Prompt | Somewhere below is a line with "2023-10-06 Very nitpicky mofet" and, later, a line with "2023-10-11 Routing adjustments"; repeat those two lines and all the lines between them, exactly as they are.

Dataset entries |
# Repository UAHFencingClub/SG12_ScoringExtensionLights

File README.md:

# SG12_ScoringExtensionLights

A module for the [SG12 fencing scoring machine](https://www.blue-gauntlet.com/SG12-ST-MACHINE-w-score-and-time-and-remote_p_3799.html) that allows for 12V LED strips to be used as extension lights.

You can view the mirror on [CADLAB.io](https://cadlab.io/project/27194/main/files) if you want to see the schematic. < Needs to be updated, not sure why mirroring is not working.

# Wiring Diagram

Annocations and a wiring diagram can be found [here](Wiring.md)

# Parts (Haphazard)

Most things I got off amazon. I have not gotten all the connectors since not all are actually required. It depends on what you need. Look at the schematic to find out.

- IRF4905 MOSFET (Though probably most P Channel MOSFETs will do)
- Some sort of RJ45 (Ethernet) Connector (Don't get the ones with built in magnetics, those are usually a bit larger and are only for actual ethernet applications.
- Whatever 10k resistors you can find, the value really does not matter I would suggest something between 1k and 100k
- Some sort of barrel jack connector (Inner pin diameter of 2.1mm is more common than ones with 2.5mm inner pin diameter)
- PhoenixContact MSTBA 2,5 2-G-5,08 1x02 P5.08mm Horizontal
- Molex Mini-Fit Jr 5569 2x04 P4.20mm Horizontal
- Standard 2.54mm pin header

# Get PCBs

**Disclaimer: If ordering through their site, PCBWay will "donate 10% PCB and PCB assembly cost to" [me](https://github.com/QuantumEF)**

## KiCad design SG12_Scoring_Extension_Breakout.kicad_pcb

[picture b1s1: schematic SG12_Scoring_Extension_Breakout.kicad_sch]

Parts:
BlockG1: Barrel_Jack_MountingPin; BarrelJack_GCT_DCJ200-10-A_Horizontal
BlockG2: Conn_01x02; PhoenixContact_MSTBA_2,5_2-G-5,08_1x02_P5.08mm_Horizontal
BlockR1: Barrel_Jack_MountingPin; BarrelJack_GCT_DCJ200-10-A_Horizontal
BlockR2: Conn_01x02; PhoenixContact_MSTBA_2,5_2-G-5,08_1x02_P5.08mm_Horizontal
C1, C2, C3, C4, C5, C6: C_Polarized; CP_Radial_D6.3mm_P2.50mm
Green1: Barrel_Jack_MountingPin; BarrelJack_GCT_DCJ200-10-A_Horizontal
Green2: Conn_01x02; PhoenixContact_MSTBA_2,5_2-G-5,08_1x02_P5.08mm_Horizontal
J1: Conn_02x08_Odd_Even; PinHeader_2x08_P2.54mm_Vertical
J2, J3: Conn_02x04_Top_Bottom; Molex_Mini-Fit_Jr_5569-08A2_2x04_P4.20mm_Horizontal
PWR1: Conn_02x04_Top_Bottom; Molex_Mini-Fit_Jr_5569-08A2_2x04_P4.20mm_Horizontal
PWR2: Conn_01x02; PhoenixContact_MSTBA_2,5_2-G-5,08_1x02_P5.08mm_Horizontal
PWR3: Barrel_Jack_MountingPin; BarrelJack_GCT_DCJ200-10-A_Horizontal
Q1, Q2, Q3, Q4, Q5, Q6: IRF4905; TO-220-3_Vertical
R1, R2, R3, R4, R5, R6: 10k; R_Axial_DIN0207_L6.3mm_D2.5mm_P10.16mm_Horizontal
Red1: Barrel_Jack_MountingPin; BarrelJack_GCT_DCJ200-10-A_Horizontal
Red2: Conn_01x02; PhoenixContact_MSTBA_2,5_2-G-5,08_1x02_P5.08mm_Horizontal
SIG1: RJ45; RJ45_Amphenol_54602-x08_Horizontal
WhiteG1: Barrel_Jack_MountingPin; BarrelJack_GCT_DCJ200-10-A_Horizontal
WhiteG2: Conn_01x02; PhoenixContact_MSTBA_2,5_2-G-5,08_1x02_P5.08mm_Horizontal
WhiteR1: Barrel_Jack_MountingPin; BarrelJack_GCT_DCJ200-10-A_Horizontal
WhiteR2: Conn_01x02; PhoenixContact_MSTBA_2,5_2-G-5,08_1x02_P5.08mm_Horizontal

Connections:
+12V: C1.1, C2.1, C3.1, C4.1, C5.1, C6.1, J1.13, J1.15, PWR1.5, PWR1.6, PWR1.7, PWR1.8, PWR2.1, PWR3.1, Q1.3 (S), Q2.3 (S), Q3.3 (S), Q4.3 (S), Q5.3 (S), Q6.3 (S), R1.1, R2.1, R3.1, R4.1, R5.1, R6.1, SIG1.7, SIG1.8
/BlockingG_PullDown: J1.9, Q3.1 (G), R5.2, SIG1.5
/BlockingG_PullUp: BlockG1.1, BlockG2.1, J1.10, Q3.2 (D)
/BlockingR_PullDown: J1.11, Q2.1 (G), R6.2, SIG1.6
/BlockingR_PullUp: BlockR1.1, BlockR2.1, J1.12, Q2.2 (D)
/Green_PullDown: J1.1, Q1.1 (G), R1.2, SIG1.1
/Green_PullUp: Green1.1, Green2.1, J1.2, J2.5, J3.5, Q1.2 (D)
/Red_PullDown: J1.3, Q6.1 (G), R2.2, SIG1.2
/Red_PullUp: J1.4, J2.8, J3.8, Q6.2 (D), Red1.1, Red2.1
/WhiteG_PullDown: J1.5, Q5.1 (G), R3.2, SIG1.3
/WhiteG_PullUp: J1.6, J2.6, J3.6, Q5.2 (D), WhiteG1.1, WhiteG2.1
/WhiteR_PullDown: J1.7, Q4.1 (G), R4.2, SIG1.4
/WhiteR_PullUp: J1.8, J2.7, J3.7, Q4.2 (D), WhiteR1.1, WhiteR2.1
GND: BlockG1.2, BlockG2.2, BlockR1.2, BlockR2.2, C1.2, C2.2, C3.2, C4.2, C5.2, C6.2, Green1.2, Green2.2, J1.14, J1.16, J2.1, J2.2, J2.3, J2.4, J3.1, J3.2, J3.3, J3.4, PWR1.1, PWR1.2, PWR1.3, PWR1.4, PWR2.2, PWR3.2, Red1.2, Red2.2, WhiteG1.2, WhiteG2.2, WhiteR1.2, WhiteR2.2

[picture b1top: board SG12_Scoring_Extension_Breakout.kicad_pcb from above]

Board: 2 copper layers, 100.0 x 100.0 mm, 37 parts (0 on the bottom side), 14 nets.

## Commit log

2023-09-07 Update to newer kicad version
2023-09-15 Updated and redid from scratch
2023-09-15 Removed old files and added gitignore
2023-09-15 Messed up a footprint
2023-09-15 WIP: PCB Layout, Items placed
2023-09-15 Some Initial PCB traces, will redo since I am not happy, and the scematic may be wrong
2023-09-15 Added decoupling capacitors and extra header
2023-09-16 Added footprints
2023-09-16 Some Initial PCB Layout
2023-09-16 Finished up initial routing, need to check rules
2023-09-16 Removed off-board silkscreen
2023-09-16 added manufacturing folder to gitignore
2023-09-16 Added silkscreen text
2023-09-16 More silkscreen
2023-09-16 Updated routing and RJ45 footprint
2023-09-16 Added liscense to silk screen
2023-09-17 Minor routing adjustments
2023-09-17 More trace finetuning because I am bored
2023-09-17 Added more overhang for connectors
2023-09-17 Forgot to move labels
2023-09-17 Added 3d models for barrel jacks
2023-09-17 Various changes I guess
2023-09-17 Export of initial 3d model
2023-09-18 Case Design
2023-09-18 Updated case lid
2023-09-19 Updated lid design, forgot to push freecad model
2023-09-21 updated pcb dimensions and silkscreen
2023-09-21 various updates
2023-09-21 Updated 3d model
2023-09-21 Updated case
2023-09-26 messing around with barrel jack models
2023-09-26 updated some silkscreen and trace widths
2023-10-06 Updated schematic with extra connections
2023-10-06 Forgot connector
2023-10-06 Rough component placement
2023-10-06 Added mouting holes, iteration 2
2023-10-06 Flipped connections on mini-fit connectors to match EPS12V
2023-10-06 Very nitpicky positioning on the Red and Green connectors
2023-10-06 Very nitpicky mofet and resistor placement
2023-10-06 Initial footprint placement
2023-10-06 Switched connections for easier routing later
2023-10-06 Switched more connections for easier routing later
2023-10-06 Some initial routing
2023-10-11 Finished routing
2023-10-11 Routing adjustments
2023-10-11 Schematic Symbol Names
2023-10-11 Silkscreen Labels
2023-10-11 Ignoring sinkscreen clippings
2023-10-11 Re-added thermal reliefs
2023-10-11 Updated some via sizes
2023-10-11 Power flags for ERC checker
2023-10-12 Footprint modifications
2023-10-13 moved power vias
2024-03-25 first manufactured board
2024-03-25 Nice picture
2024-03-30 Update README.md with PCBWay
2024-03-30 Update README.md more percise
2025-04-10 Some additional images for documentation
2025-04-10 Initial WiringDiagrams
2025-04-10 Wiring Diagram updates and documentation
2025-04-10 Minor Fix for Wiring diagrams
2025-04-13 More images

Response to the exercise |
2023-10-06 Very nitpicky mofet and resistor placement
2023-10-06 Initial footprint placement
2023-10-06 Switched connections for easier routing later
2023-10-06 Switched more connections for easier routing later
2023-10-06 Some initial routing
2023-10-11 Finished routing
2023-10-11 Routing adjustments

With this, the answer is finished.